TASK OBJECTIVE: The records below hold a stretch from the line with "- net PL_ENABLE: now also JP25.2" through the line with "- net GND: now also C39.2, C40.2, C41.2"; return exactly those lines, ends included, and nothing more.

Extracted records

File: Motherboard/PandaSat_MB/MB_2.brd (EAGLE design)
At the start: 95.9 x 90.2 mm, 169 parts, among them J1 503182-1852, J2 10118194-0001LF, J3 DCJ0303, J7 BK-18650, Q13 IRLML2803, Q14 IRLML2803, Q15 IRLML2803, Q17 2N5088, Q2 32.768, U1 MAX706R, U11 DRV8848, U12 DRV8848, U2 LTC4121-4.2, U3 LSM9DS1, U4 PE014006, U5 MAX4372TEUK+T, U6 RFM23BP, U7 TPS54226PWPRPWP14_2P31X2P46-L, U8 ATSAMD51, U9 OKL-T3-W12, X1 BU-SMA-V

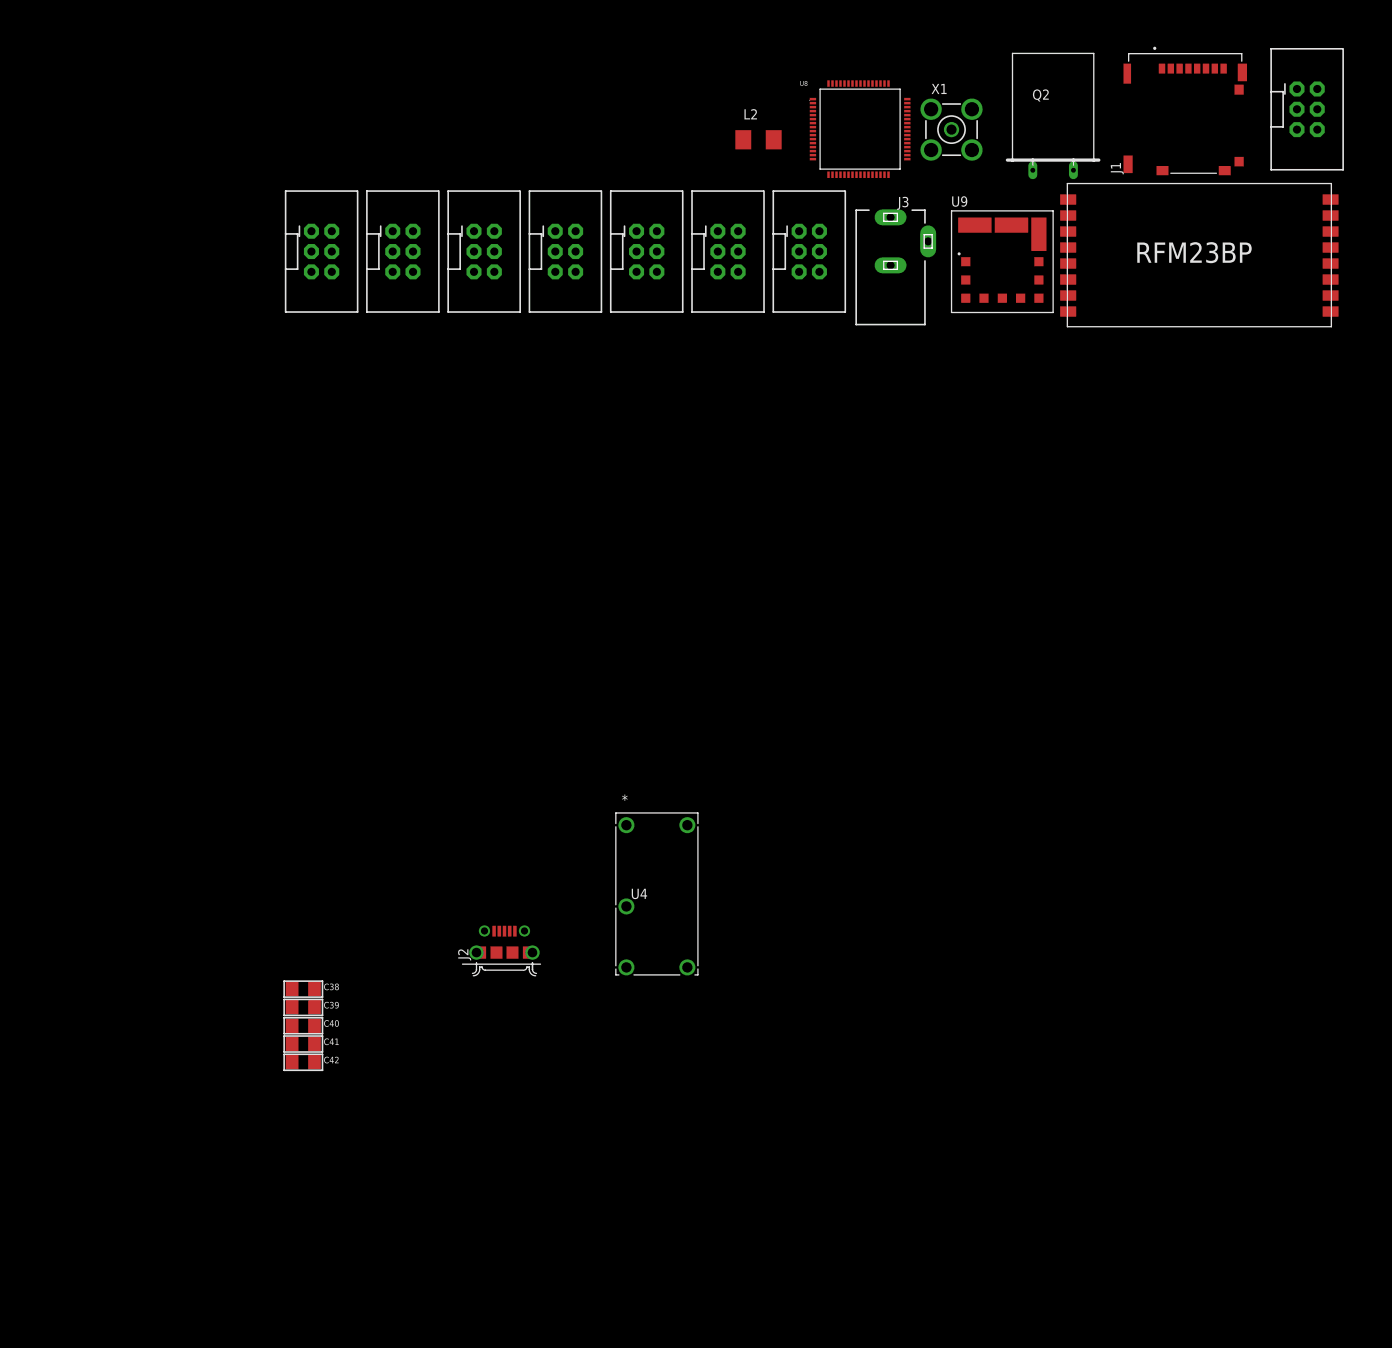
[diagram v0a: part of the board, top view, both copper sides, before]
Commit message: Changing connectors to SMD - not yet netted
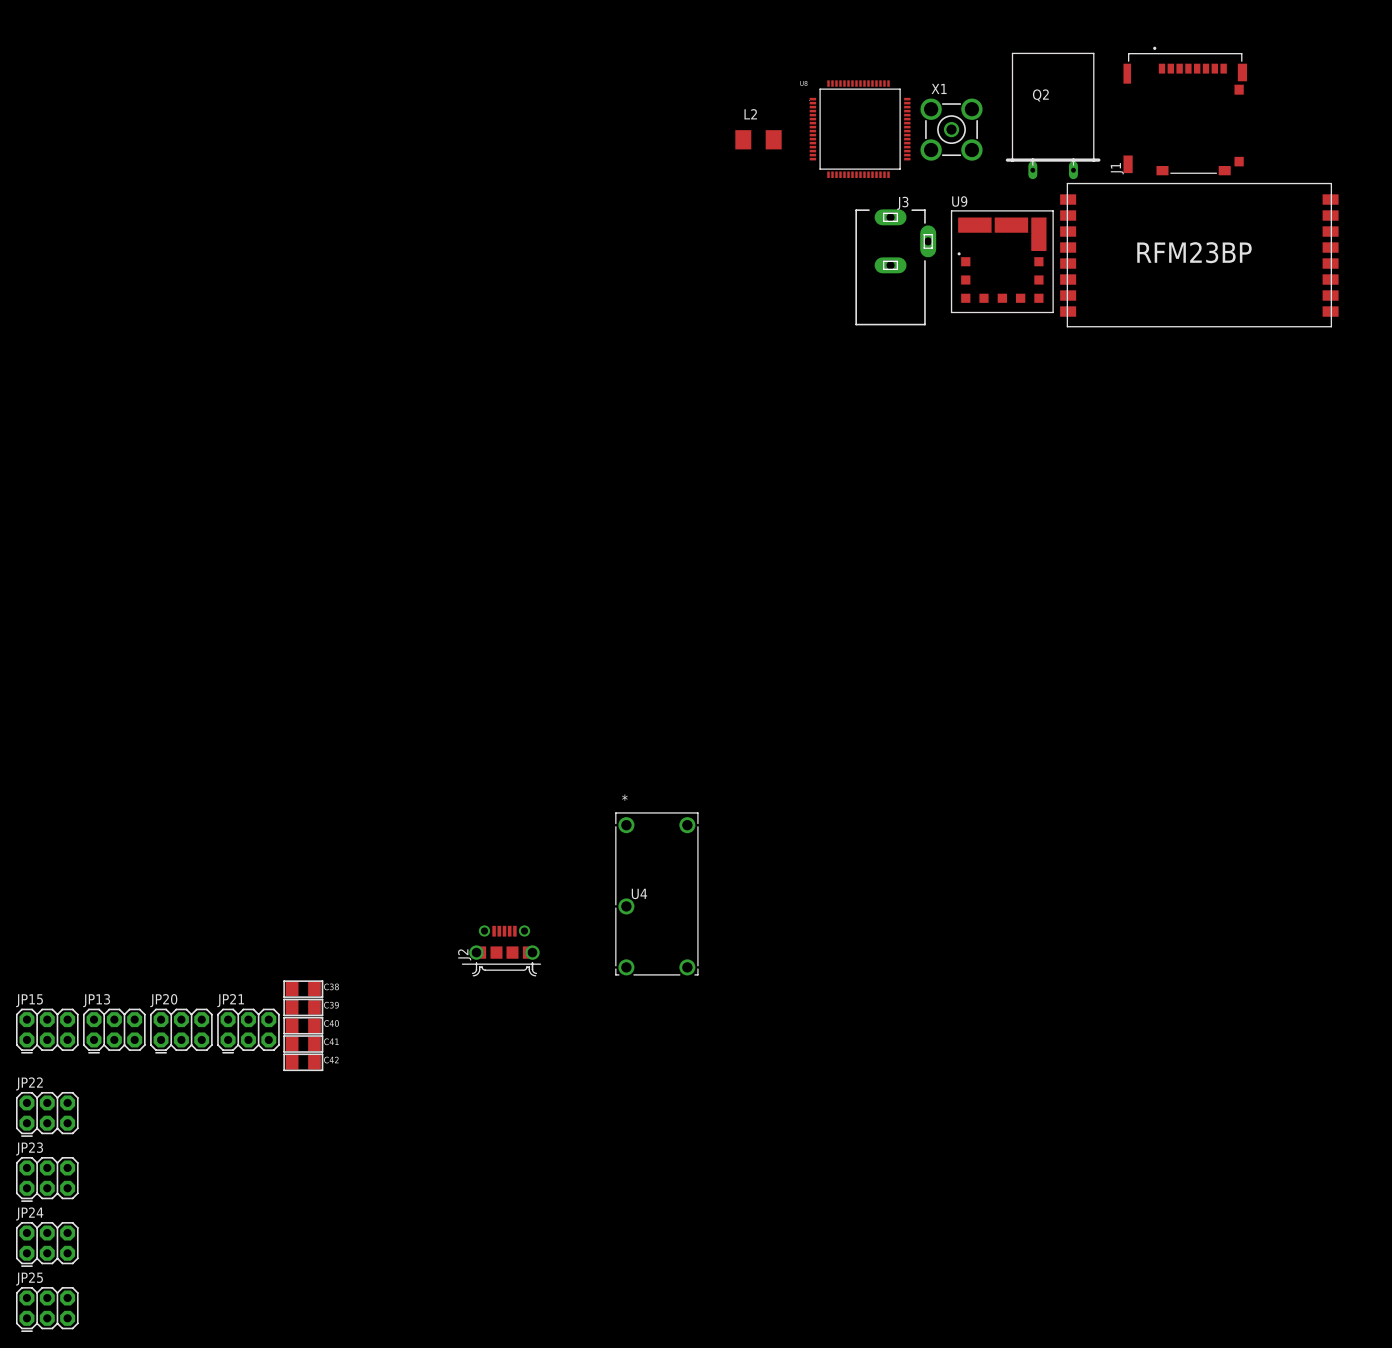
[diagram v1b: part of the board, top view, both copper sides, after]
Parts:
- removed JP14, JP16, JP17, JP19, JP6: (no value), SparkFun-Connectors:2X3-SHROUDED
- added JP21, JP22, JP23, JP24, JP25: (no value), SparkFun-Connectors:2X3
- JP13, JP15, JP20: device SparkFun-Connectors:2X3-SHROUDED -> SparkFun-Connectors:2X3
- moved JP20 184.5 mm to (-276.6, -20.8)
- moved JP13 126.5 mm to (-285.0, -20.8)
- moved JP15 119.3 mm to (-293.4, -20.8)
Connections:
- removed net MOY_MID: JP15.4, JP16.2
- removed net MOZ_MID: JP17.4, JP19.2
- removed net VBURN2: JP19.5, JP19.6
- new net N$63: JP13.3
- new net N$64: JP13.4
- new net N$65: JP13.2
- net !RESET: now also JP21.6; no longer JP20.6
- net 3.3V: now also JP21.1; no longer JP20.1, JP6.5
- net GND: now also JP20.1, JP21.5, JP24.1; no longer JP13.3, JP14.3, JP15.3, JP16.3, JP17.3, JP19.3, JP20.5, JP6.3
- net MOX_1: now also JP20.2; no longer JP13.2
- net MOX_2: now also JP24.3; no longer JP14.4
- net MOX_MID: now also JP20.3, JP24.2; no longer JP13.4, JP14.2
- net MOY_1: no longer JP15.2
- net MOY_2: no longer JP16.4
- net MOZ_1: no longer JP17.2
- net MOZ_2: no longer JP19.4
- net N$59: now also JP13.1; no longer JP13.5
- net PL_ENABLE: no longer JP6.2
- net PL_PWR_IN: no longer JP6.1
- net PL_UART_RX: no longer JP6.6
- net PL_UART_TX: no longer JP6.4
- net SWCLK: now also JP21.4; no longer JP20.4
- net SWDIO: now also JP21.2; no longer JP20.2
- net VBURN1: no longer JP17.5, JP17.6
- net VSOLAR: now also JP20.5, JP24.5; no longer JP13.1, JP14.1, JP15.1, JP16.1, JP17.1, JP19.1

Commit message: Finished with schematic, began placing components
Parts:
- moved JP21 282.1 mm to (-2.67, 74.3), turned to 90 degrees
- moved JP25 239.8 mm to (-89.7, 71.0), turned to 90 degrees
- moved Q1 236.4 mm to (-30.9, 13.3), flipped to the bottom, turned to 90 degrees
- moved U2 234.3 mm to (-59.8, 31.2), flipped to the bottom, turned to 180 degrees
- moved JP23 221.7 mm to (-90.0, 48.9), turned to 90 degrees
- moved JP24 221.5 mm to (-90.1, 40.4), turned to 90 degrees
- moved Q14 219.5 mm to (-70.2, 27.2), flipped to the bottom, turned to 180 degrees
- moved Q13 218.3 mm to (-70.3, 22.4), flipped to the bottom, turned to 180 degrees
- moved JP12 212.6 mm to (-43.0, 2.56)
- moved U$2 212.2 mm to (-83.4, 15.9), flipped to the bottom, turned to 270 degrees
- moved JP11 212.2 mm to (-34.6, 2.56)
- moved JP10 211.8 mm to (-26.4, 2.56)
- moved JP22 210.5 mm to (-90.1, 23.1), turned to 90 degrees
- moved JP13 210.3 mm to (-89.8, 57.4), turned to 90 degrees
- moved JP15 206.1 mm to (-90.3, 14.2), turned to 90 degrees
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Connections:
- removed net N$32: U$3.5, U$3.6, U$3.7, U$3.8
- removed net N$57: U$2.5, U$2.6, U$2.7, U$2.8
- removed net N$59: JP13.1
- removed net N$63: JP13.3
- removed net N$64: JP13.4
- removed net N$65: JP13.2
- new net MOY_MID: JP13.3, JP23.2
- new net MOZ_MID: JP15.3, JP22.2
- new net VBURN2: JP22.4, JP22.6, U$3.5, U$3.6, U$3.7, U$3.8
- net 3.3V: now also JP25.5
- net GND: now also JP13.1, JP15.1, JP22.1, JP23.1, JP25.3
- net MOY_1: now also JP13.2
- net MOY_2: now also JP23.3
- net MOZ_1: now also JP15.2
- net MOZ_2: now also JP22.3
- net PL_ENABLE: now also JP25.2
- net PL_PWR_IN: now also JP25.1
- net PL_UART_RX: now also JP25.6
- net PL_UART_TX: now also JP25.4
- net VBURN1: now also JP15.4, JP15.6, U$2.5, U$2.6, U$2.7, U$2.8
- net VSOLAR: now also JP13.5, JP15.5, JP22.5, JP23.5

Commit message: More component placing - power componente
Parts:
- moved R21 249.1 mm to (-38.5, 29.5), flipped to the bottom, turned to 180 degrees
- moved R40 240.3 mm to (-44.5, 15.9), flipped to the bottom
- moved R5 235.4 mm to (-52.9, 21.8), flipped to the bottom, turned to 180 degrees
- moved R1 232.5 mm to (-44.0, 29.5), flipped to the bottom, turned to 180 degrees
- moved C24 232.0 mm to (-44.5, 18.8), flipped to the bottom, turned to 180 degrees
- moved C20 218.6 mm to (-44.1, 26.4), flipped to the bottom, turned to 180 degrees
- moved R41 216.8 mm to (-48.1, 15.9), flipped to the bottom, turned to 180 degrees
- moved R37 215.9 mm to (-36.7, 68.1), flipped to the bottom, turned to 180 degrees
- moved C19 212.8 mm to (-48.6, 25.4), flipped to the bottom, turned to 90 degrees
- moved C9 210.1 mm to (-25.8, 20.5), flipped to the bottom
- moved C26 209.5 mm to (-67.3, 36.0), flipped to the bottom, turned to 90 degrees
- moved C22 208.6 mm to (-66.7, 24.0), flipped to the bottom, turned to 90 degrees
- moved C17 208.2 mm to (-47.0, 25.4), flipped to the bottom, turned to 90 degrees
- moved C25 207.8 mm to (-65.6, 36.1), flipped to the bottom, turned to 90 degrees
- moved C8 206.2 mm to (-25.8, 22.2), flipped to the bottom
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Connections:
- net GND: now also C39.2, C40.2, C41.2

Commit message: * Did Some initial Layout and found a few tasks to do [Listed in Commit Message] Trimmed a mm from long side of PCB Started Arranging Parts on Board
Todos:
Find Parts on Digikey/Mouser and add to BOM spreadsheet [in Documentation BOM]
Change Footprint on Crystal to SMD [Part in Documentation BOM]
Verify Footprints of Parts vs parts selected on BOM [package,  Pad Sizes, Pin 1 label]
Change Diode Symbols [3 on Battery Connections]
Change Foot Print of all 0603 parts to be same one [ Hand solder-able Dimensions] & also other size of passives
Change Reference designator for FETS from U$# -> Q#
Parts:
- removed FRAME1, FRAME2, FRAME3, FRAME4: FRAME-LETTER, SparkFun-Aesthetics:CREATIVE_COMMONS
- moved JP9 224.0 mm to (-38.6, 99.9)
- moved R15 223.7 mm to (-72.4, 36.3)
- moved Q15 221.1 mm to (-85.2, 17.7), turned to 270 degrees
- moved R13 217.3 mm to (-76.3, 36.4)
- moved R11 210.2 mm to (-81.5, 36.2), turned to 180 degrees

RESPONSE AREA:
- net PL_ENABLE: now also JP25.2
- net PL_PWR_IN: now also JP25.1
- net PL_UART_RX: now also JP25.6
- net PL_UART_TX: now also JP25.4
- net VBURN1: now also JP15.4, JP15.6, U$2.5, U$2.6, U$2.7, U$2.8
- net VSOLAR: now also JP13.5, JP15.5, JP22.5, JP23.5

Commit message: More component placing - power componente
Parts:
- moved R21 249.1 mm to (-38.5, 29.5), flipped to the bottom, turned to 180 degrees
- moved R40 240.3 mm to (-44.5, 15.9), flipped to the bottom
- moved R5 235.4 mm to (-52.9, 21.8), flipped to the bottom, turned to 180 degrees
- moved R1 232.5 mm to (-44.0, 29.5), flipped to the bottom, turned to 180 degrees
- moved C24 232.0 mm to (-44.5, 18.8), flipped to the bottom, turned to 180 degrees
- moved C20 218.6 mm to (-44.1, 26.4), flipped to the bottom, turned to 180 degrees
- moved R41 216.8 mm to (-48.1, 15.9), flipped to the bottom, turned to 180 degrees
- moved R37 215.9 mm to (-36.7, 68.1), flipped to the bottom, turned to 180 degrees
- moved C19 212.8 mm to (-48.6, 25.4), flipped to the bottom, turned to 90 degrees
- moved C9 210.1 mm to (-25.8, 20.5), flipped to the bottom
- moved C26 209.5 mm to (-67.3, 36.0), flipped to the bottom, turned to 90 degrees
- moved C22 208.6 mm to (-66.7, 24.0), flipped to the bottom, turned to 90 degrees
- moved C17 208.2 mm to (-47.0, 25.4), flipped to the bottom, turned to 90 degrees
- moved C25 207.8 mm to (-65.6, 36.1), flipped to the bottom, turned to 90 degrees
- moved C8 206.2 mm to (-25.8, 22.2), flipped to the bottom
Connections:
- net GND: now also C39.2, C40.2, C41.2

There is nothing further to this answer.